Thursday, December 2, 2010

Disconnected Leadership

I am laughing! This morning in my inbox was a connection to my Conference with a weekly e-news email. The title of one of the articles was Disconnected Connection?, and guess what, the link to the article didn't work! It is hard to stop laughing as I sit here thinking about it.

I spent many years in management and teaching at the college level before becoming a pastor. I went to a Christian College, Geneva College, where I learned that my faith needed to be lived out wherever God took me. I graduated with an Accounting, Business Administration degree and went into the world of management for a small family owned business. As I think back on it the collision between my faith and what I saw in the business world challenged my faith in many ways and for me made it stronger. I failed many times to live out my faith but every time I learned something from it. First I was invited back to Geneva as a speaker and after completing a Masters Degree in Business at Robert Morris I was invited to become an instructor there. I had the opportunity to challenge my students to go through the same struggle I did between living out their faith and living in the midst of what is often an evil world. The one thing I learned well there, both as a student and an instructor, was that I needed to stay connected to the world if I wanted to influence others for Jesus Christ.

I have spent my entire career working diligently to connect people to meet their needs wherever they are and to connect them to an awesome God that I have been called to serve. Over the years I have learned that I must always be willing to listen to many voices and at times most closely to those that are telling me what I don't want to hear. Leadership that fails to listen will fail to lead.

The article I was trying access was about our denominational Call to Action and the "recommendation to consolidate general agencies and the perceived disconnect between the agencies and local churches." Thus my laughter at a broken connectional link! When I was teaching marketing I often used the phrase that in the marketing world "perception is reality" and taught my students that if you wanted to sell your product much of your success would be based on the perception of your product and that would be the reality that you had to work from. My perception in my denomination is that the connectional links at all levels of leadership are so broken that those at the top are clueless about the perceptions in the pew.

Every day it seems the demands of our leadership conflict with the perceived needs in the pew and are completely out of touch with the view of those that are not sitting in pew.
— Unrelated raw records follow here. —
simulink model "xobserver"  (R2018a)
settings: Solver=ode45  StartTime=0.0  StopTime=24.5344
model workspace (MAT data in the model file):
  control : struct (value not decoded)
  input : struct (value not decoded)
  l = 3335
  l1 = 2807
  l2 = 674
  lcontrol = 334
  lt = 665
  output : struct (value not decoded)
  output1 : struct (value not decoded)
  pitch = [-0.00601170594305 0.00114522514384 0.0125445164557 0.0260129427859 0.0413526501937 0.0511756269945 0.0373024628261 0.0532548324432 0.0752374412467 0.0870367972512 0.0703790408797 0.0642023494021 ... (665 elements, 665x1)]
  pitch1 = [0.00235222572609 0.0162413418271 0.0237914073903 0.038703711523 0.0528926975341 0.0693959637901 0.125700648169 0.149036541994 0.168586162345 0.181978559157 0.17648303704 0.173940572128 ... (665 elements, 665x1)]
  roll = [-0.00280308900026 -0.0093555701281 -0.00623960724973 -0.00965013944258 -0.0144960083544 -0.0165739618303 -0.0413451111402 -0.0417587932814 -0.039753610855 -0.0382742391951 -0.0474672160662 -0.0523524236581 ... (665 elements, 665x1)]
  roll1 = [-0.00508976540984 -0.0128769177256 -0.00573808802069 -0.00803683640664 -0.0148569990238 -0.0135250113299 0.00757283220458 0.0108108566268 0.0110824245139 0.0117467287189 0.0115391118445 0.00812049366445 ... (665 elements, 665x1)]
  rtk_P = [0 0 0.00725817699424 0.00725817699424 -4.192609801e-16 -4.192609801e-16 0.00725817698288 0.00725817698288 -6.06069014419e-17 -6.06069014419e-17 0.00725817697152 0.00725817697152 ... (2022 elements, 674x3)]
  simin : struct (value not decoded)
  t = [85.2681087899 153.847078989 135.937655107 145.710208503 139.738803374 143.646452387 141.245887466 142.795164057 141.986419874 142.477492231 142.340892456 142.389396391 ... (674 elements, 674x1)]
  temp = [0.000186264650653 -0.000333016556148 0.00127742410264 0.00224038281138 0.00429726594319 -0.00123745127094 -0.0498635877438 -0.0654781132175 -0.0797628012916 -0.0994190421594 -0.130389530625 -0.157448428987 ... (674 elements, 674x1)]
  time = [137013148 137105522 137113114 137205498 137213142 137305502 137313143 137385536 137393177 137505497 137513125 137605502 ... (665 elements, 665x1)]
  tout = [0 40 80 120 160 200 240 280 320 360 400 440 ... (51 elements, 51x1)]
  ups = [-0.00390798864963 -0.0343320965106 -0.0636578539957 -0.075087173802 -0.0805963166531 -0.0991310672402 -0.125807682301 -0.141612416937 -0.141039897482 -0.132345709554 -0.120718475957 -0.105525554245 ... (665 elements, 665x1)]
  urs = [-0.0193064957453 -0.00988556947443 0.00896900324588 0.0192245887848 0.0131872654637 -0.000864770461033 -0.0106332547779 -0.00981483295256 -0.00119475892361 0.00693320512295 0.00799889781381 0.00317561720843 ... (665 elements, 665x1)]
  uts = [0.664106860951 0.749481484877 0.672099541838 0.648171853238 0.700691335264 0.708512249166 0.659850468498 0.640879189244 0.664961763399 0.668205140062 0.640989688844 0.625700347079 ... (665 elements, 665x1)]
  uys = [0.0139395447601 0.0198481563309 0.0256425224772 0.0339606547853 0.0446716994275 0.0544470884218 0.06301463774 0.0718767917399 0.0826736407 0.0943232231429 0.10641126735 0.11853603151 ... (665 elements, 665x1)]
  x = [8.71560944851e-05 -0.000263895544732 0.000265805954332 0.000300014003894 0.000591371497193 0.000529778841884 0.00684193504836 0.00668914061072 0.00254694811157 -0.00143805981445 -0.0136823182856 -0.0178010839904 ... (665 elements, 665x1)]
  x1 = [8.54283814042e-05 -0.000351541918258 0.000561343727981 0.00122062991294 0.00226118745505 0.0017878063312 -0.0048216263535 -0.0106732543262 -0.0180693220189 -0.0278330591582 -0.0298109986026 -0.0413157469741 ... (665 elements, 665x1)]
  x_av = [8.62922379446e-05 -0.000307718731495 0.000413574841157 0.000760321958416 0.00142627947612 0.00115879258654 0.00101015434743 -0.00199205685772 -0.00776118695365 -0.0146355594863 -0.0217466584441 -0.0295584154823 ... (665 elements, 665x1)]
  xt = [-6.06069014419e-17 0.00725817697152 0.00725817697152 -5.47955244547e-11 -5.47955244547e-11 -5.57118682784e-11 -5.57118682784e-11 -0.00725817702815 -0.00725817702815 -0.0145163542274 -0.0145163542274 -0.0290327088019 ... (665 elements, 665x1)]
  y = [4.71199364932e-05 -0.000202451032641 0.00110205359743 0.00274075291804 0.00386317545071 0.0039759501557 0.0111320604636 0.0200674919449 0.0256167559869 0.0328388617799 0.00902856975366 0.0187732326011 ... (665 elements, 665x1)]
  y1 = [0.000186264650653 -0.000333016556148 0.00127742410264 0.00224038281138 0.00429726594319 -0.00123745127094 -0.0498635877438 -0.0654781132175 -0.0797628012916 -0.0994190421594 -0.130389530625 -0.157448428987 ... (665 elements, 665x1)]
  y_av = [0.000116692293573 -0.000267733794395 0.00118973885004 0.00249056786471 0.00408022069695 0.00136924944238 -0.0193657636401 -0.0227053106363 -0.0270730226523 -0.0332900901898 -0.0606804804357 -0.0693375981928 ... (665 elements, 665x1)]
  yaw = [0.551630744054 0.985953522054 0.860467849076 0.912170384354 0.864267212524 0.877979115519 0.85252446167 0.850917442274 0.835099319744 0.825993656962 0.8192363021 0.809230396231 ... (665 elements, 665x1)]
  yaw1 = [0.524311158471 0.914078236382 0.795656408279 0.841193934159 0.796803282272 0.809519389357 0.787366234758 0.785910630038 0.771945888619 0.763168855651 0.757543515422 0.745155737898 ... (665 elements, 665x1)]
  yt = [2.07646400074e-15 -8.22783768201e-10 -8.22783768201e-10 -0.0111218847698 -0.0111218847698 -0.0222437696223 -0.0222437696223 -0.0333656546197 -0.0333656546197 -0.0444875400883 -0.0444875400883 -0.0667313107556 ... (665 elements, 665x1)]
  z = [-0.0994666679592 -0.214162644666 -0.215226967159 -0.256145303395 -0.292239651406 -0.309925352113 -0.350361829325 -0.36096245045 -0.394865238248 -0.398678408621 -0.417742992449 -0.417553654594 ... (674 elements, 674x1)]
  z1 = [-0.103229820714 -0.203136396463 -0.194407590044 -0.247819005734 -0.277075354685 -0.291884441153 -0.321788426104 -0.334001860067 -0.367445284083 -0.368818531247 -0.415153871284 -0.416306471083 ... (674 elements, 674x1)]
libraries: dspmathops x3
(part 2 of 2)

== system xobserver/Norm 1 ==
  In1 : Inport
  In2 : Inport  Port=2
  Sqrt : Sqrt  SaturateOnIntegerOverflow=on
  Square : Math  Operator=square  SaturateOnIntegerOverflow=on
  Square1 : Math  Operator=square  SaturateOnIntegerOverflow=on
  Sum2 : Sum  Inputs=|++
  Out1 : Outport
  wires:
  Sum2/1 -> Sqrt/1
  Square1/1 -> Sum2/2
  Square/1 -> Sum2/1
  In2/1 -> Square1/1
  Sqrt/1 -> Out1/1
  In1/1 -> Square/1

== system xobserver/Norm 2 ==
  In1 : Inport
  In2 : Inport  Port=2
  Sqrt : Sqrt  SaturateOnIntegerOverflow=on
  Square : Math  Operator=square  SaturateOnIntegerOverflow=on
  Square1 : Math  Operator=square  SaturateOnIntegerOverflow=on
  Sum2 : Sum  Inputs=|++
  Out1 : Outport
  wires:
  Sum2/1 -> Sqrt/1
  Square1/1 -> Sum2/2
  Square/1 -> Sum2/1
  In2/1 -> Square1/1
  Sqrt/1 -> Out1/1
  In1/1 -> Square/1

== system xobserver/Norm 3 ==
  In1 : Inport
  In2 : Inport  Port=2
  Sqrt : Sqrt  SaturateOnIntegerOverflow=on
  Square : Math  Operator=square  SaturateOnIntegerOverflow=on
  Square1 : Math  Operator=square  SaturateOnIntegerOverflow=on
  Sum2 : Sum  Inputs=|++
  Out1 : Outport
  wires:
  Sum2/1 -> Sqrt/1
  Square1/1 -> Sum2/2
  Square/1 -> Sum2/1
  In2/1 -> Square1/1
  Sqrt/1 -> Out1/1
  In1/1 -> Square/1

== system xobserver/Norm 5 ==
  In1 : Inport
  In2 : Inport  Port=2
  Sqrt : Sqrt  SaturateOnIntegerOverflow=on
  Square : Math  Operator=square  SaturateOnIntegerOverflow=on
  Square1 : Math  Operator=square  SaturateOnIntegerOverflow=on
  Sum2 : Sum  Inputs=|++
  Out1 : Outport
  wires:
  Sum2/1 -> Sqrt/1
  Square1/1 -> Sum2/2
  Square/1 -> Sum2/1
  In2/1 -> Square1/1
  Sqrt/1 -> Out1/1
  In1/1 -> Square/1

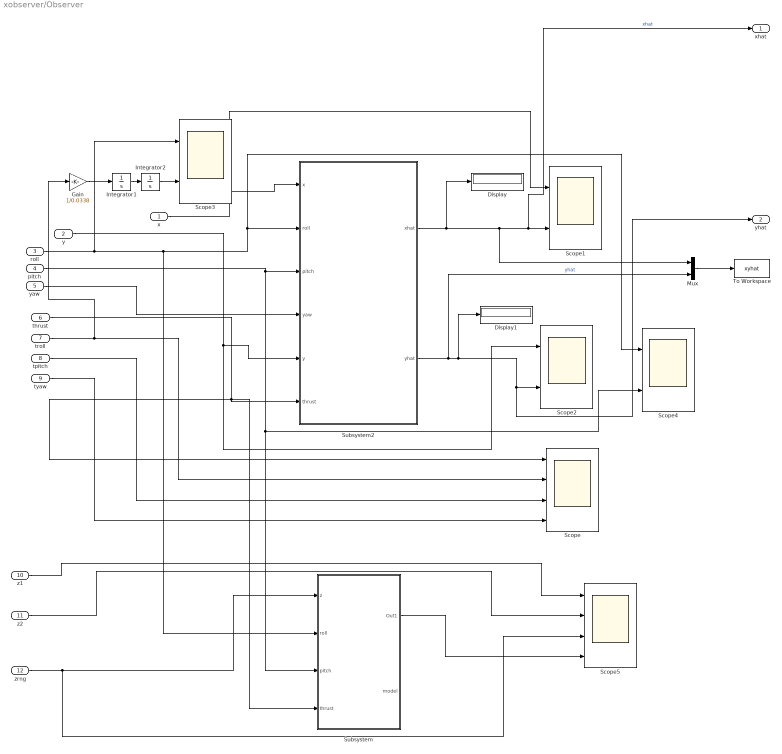
== system xobserver/Observer  ==
  x : Inport
  y : Inport  Port=2
  roll : Inport  Port=3
  pitch : Inport  Port=4
  yaw : Inport  Port=5
  thrust : Inport  Port=6
  troll : Inport  Port=7
  tpitch : Inport  Port=8
  tyaw : Inport  Port=9
  z1 : Inport  Port=10
  z2 : Inport  Port=11
  "zrng " : Inport  Port=12
  Display : Display
  Display1 : Display
  Gain : Gain  Gain=1/0.0338
  Integrator1 : Integrator
  Integrator2 : Integrator
  Mux : Mux  Inputs=2
  Scope : Scope  NumInputPorts=4
  Scope{1..4} (4 alike) : Scope  NumInputPorts=2
  Scope5 : Scope  NumInputPorts=4
  Subsystem : Subsystem
  Subsystem2 : Subsystem
  To Workspace : ToWorkspace  VariableName=xyhat  SampleTime=0.01
  xhat : Outport
  yhat : Outport  Port=2
  wires:
  y/1 -> Subsystem2/5(y), Scope2/1
  pitch/1 -> Scope4/2, Subsystem/3(pitch), Subsystem2/3(pitch)
  tyaw/1 -> Scope/4
  Subsystem2/2(yhat) -> Mux/2, Display1/1, yhat/1, Scope2/2  "yhat"
  thrust/1 -> Scope/1, Subsystem2/6(thrust), Subsystem/4(thrust)
  roll/1 -> Scope4/1, Subsystem2/2(roll), Subsystem/2(roll), Scope3/1
  troll/1 -> Gain/1, Scope/2
  Mux/1 -> To Workspace/1
  x/1 -> Subsystem2/1(x), Scope1/1
  yaw/1 -> Subsystem2/4(yaw)
  tpitch/1 -> Scope/3
  Gain/1 -> Integrator1/1
  Integrator1/1 -> Integrator2/1
  Integrator2/1 -> Scope3/2
  Subsystem2/1(xhat) -> Display/1, xhat/1, Scope1/2, Mux/1  "xhat"
  z1/1 -> Scope5/1
  z2/1 -> Scope5/2
  "zrng "/1 -> Subsystem/1(z), Scope5/3
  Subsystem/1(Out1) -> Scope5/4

Several years ago when I moved to a new community I did what I thought I should do and began to spend time connecting to those that were not a part of the church I was serving. I began hearing two things very clearly. The first was that they continually referred to the church I was serving using the phrase "that is the church that used to" meaning that they were connected in some way to that church by what it used to do but no longer did. The second phrase that I heard was "we don't want to be a part of organized religion" and it took me awhile to figure out what that meant. I learned that it meant that they didn't want to be a part of an organization that its leaders said one thing but that their perception of what they did in their daily lives in reality didn't match up with what they said.

Many books have been published outlining what this means and I won't go into that here but the gist is that the local church is out of touch with the perception of it in the community. The sad thing is that I believe that many of those perceptions are the reality. We as leaders at all levels most of the times don't want to hear about those perceptions. We say "they are not reality" and "That is not who we really are" but, my friends, it really doesn't matter, perception is reality.

My perception of our denominational leadership is that they will develop a "Plan of Action" and demand that we execute it no matter how connected it is to the communities in which we serve. My perception is that many of those leaders are so busy developing ways to "teach us" how to be the church that they have lost touch with not only those in the pew but those that they are demanding that we reach for Christ. I am sure that many of my perceptions are wrong and I know that every one of those leaders is working as diligently as I am on what they see is important. What I also perceive is that what we have been doing as a denomination isn't working to make disciples for Jesus Christ for the transformation of the world, out mission as a church.

I am very aware that these are my perceptions and that I don't have the full picture that the leaders have. My prayer is that we will begin to see a breakdown of the endless meetings, paperwork and time consuming demands that keep all of us disconnected from the communities we are called to serve. It seems to me that we have a call to action
"Go therefore and make disciples of all the nations, baptizing them in the name of the Father and the Son and the Holy Spirit,
20 teaching them to observe all that I commanded you; and lo, I am with you always, even to the end of the age."